To that end, here are a few tips to help ensure you are making the best purchase for your situation.

Discuss who takes care of late payments from customers

It is a rare business that gets sold with its customers or clients having submitted every payment they owe. So, you and the seller need to discuss who has the option of collecting these payments. You should probably offer to do so because it gives you a chance to connect with current customers of the business, and you can get a discount in the sale for these accounts receivable since it is unlikely you will be able to collect all of the late payments in full.
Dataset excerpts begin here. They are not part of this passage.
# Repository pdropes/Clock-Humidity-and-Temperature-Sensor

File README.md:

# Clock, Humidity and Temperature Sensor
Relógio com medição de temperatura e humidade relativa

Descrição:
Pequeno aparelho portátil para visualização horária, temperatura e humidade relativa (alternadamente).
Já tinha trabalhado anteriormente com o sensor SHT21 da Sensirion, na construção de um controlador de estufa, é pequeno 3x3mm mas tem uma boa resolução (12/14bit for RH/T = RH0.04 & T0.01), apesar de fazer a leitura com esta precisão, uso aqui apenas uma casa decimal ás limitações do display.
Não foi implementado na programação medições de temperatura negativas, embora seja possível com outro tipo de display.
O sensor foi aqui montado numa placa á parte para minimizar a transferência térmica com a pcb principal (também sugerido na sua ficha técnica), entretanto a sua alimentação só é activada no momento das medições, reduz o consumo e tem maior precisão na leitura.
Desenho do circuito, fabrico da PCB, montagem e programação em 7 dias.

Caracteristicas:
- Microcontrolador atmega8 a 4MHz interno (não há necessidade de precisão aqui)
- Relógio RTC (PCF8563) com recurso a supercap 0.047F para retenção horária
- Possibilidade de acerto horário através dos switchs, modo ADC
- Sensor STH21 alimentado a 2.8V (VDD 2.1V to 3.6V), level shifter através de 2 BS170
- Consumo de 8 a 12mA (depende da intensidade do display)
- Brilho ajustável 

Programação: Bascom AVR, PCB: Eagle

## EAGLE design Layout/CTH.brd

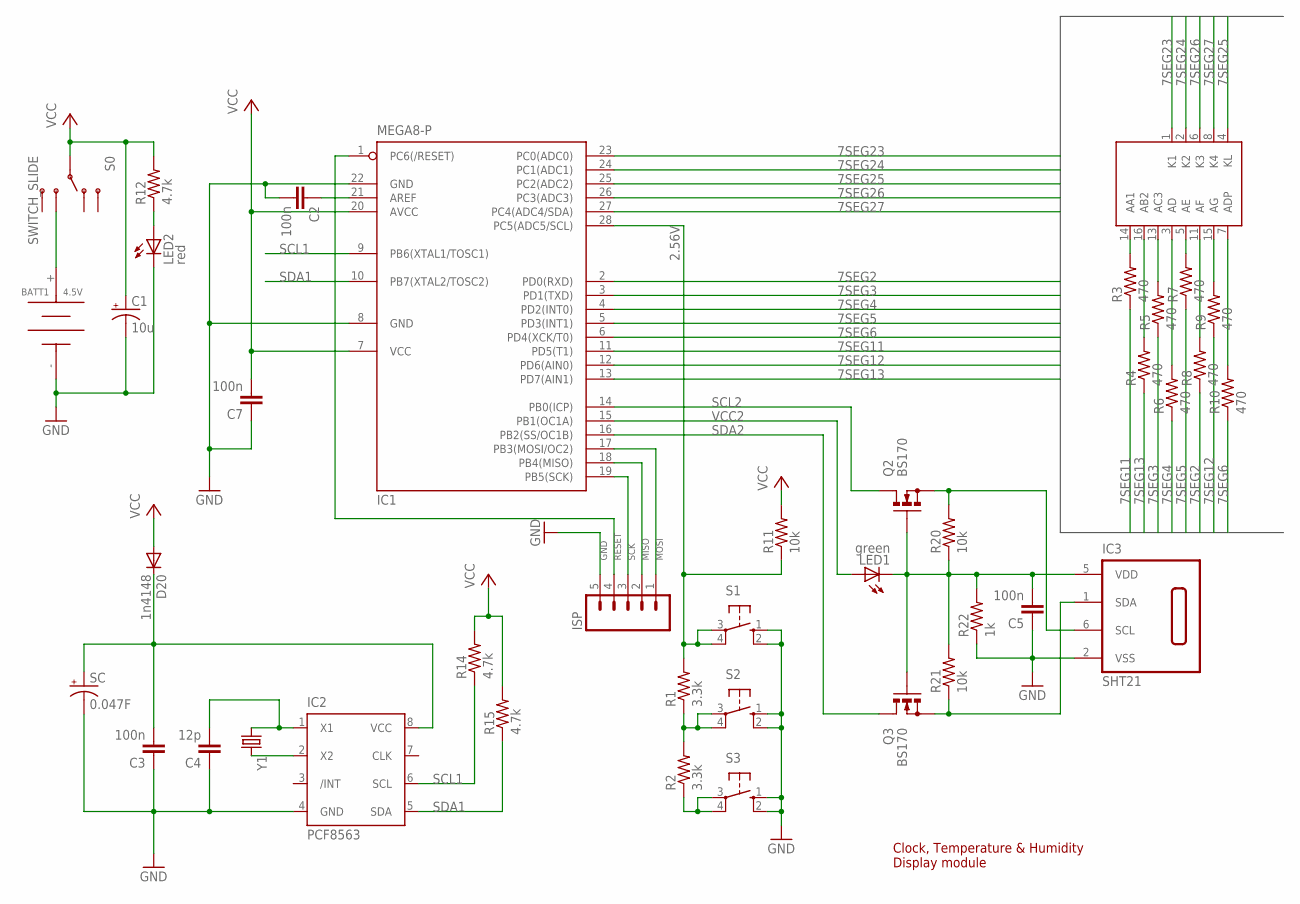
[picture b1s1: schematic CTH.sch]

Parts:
7SEG: LTC-4027JRLTC-4027JR; LTC-4727JR
BATT1: 1291-[2-56]; 1291
C1: 10u; CPOL-RADIAL-10UF-25V
C2, C3, C5, C7: 100n; 0805
C4: 12p; 0805
D20: 1n4148; SOD80C
IC1: MEGA8-P; DIL28-3
IC2: PCF8563; DS1307_PCF8583_DIL08
IC3: SHT21; DFN6/SHT
ISP: M05PTH; 1X05
LED1: green; SPARKFUN_LED-1206
LED2: red; LED3MM
Q2, Q3: BS170; SOT54E
R1, R2: 3.3k; 0805
R3, R4, R5, R6, R7, R8, R9, R10: 470; 0805
R11, R20, R21: 10k; 0805
R12, R14, R15: 4.7k; 0805
R22: 1k; 0805
S0: SWITCH_SLIDE
S1: 10-XX; B3F-10XX; MPN B3F-1000
S2, S3: 10-XX; B3F-10XX
SC: 0.047F; SUPERCAP_0.047F
Y1: CRYSTALTC38H; TC38H

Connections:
2.56V: IC1.28 (PC5(ADC5/SCL)), R1.2, R11.1, S1.3, S1.4 (P1)
7SEG2: IC1.2 (PD0(RXD)), R8.1
7SEG3: IC1.3 (PD1(TXD)), R5.1
7SEG4: IC1.4 (PD2(INT0)), R6.1
7SEG5: IC1.5 (PD3(INT1)), R7.1
7SEG6: IC1.6 (PD4(XCK/T0)), R10.1
7SEG11: IC1.11 (PD5(T1)), R3.1
7SEG12: IC1.12 (PD6(AIN0)), R9.1
7SEG13: IC1.13 (PD7(AIN1)), R4.1
7SEG23: 7SEG.1 (K1), IC1.23 (PC0(ADC0))
7SEG24: 7SEG.2 (K2), IC1.24 (PC1(ADC1))
7SEG25: 7SEG.4 (KL), IC1.25 (PC2(ADC2))
7SEG26: 7SEG.6 (K3), IC1.26 (PC3(ADC3))
7SEG27: 7SEG.8 (K4), IC1.27 (PC4(ADC4/SDA))
GND: BATT1.-, C1.2 (-), C2.2, C3.1, C4.1, C5.1, C7.1, IC1.8 (GND), IC1.22 (GND), IC2.4 (GND), IC3.2 (VSS), ISP.5, LED2.K (C), R22.1, S1.1 (S), S1.2 (S1), S2.1 (S), S2.2 (S1), S3.1 (S), S3.2 (S1), SC.2 (-)
MISO: IC1.18 (PB4(MISO)), ISP.2
MOSI: IC1.17 (PB3(MOSI/OC2)), ISP.1
unnamed: 7SEG.14 (AA1), R3.2
unnamed: 7SEG.16 (AB2), R4.2
unnamed: 7SEG.13 (AC3), R5.2
unnamed: BATT1.+, S0.E
unnamed: 7SEG.3 (AD), R6.2
unnamed: 7SEG.5 (AE), R7.2
unnamed: 7SEG.11 (AF), R8.2
unnamed: 7SEG.15 (AG), R9.2
unnamed: 7SEG.7 (ADP), R10.2
unnamed: IC2.2 (X2), Y1.2
unnamed: C2.1, IC1.21 (AREF)
unnamed: C5.2, IC3.5 (VDD), LED1.C, Q2.G, Q3.G, R20.1, R21.2, R22.2
unnamed: LED2.A, R12.1
unnamed: IC3.1 (SDA), Q3.S, R21.1
unnamed: R2.1, S3.3, S3.4 (P1)
unnamed: C4.2, IC2.1 (X1), Y1.1
unnamed: R1.1, R2.2, S2.3, S2.4 (P1)
unnamed: IC3.6 (SCL), Q2.S, R20.2
RESET: IC1.1 (PC6(/RESET)), ISP.4
SCK: IC1.19 (PB5(SCK)), ISP.3
SCL1: IC1.9 (PB6(XTAL1/TOSC1)), IC2.6 (SCL), R14.1
SCL2: IC1.14 (PB0(ICP)), Q2.D
SDA1: IC1.10 (PB7(XTAL2/TOSC2)), IC2.5 (SDA), R15.1
SDA2: IC1.16 (PB2(SS/OC1B)), Q3.D
VCC: C1.1 (+), C7.2, D20.A, IC1.7 (VCC), IC1.20 (AVCC), R11.2, R12.2, R14.2, R15.2, S0.M
VCC2: IC1.15 (PB1(OC1A)), LED1.A
VCC_RTC: C3.2, D20.C, IC2.8 (VCC), SC.1 (+)

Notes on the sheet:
Clock, Temperature & Humidity Display module

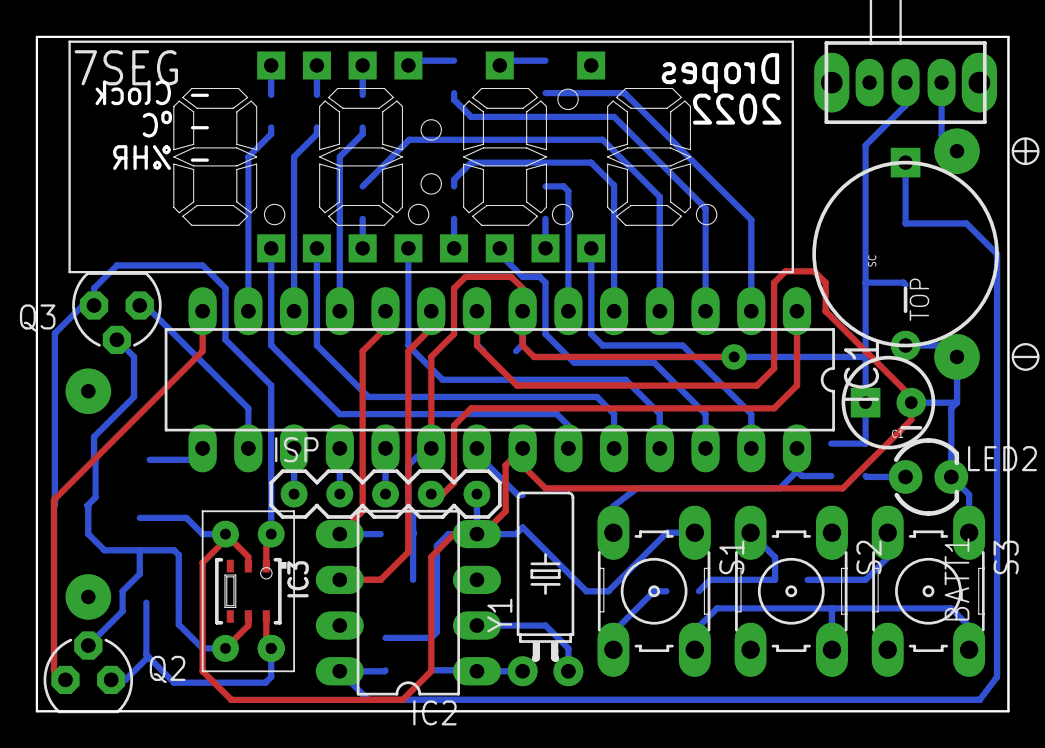
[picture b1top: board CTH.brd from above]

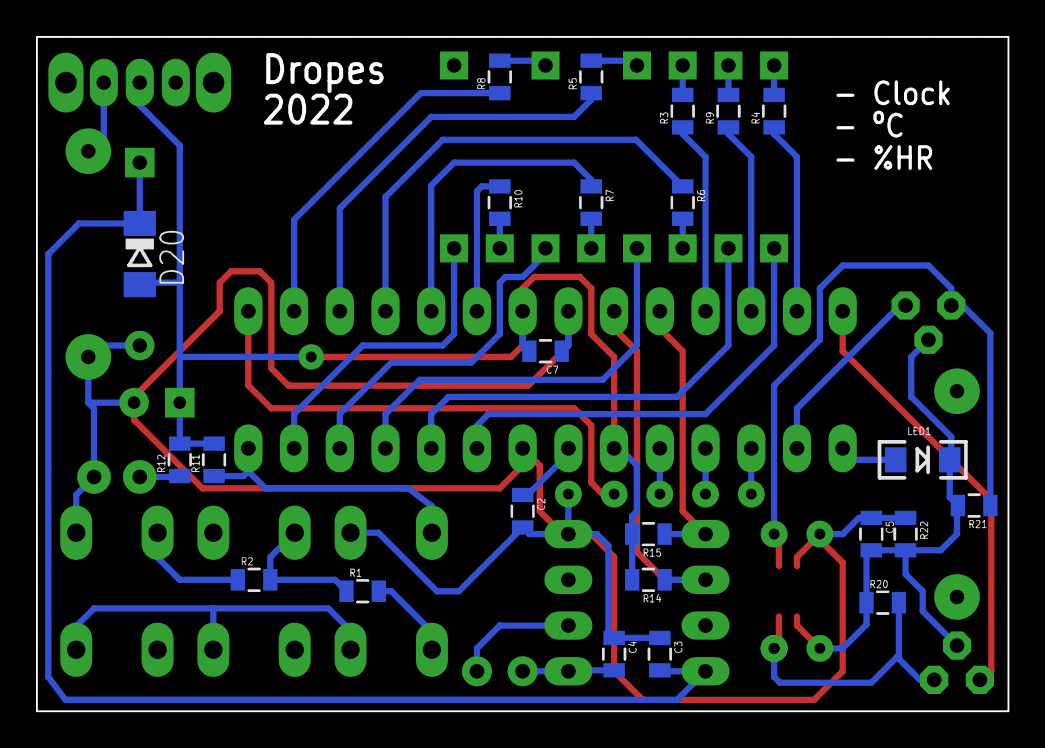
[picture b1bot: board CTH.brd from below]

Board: 2 copper layers, 54.0 x 37.5 mm, 40 parts (24 on the bottom side), 44 nets.

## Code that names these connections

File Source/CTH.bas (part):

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$framesize = 40                                             ' default use 40 for the frame space

'PIN        I/O   Func.      Func.
'09-PB6  O    SCL         RTC
'10-PB7  IO   SDA
'
'14.PB0  O    SCL2       SENSOR
'15.PB1  O    VCC2
'16.PB2  IO   SDA2

'23.PC0  O    7SEG_K1
'24.PC1  O    7SEG_K2
'25.PC2  O    7SEG_KL
'26.PC3  O    7SEG_K3
'27.PC4  O    7SEG_K4
'28.PC5  I      ADC5      SW1,2,3
'
'02.PD0  O     7SEG_F
'03.PD1  O     7SEG_C3
'04.PD2  O     7SEG_D
'05.PD3  O     7SEG_E
'06.PD4  O     7SEG_DP
'11.PD5  O     7SEG_A1
'12.PD6  O     7SEG_G
'13.PD7  O     7SEG_B2

'Digit nº
Ddrc = &B11011111
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

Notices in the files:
parts and their libraries:
SparkFun: Licensing: CC v3.0 Share-Alike You are welcome to use this library for commercial purposes.
sensirion: Copyright (C) 2011, Bob Starr

Hammer out an indemnity agreement

What happens if you take over the business, and a customer sues you for something that happened on the previous owner’s watch? Sure, you might have pored over the business records and journals, but that incident slipped through the cracks. You do not have to be on the hook for legal fees and more if you have an indemnity agreement in place. It obligates the seller to defend any lawsuit and to pay for any financial consequences stemming from it. Know that the seller will probably want such an agreement from you too so he or she is not responsible for something you did after the business is sold. This is normal business practice.

Consider buying the assets instead of the business if it is a corporation or LLC

Buying “assets” instead of a business might sound boring, but it makes sense in some situations. For example, you avoid liabilities if the business owes a lot of money, and you may get to start with a better tax treatment.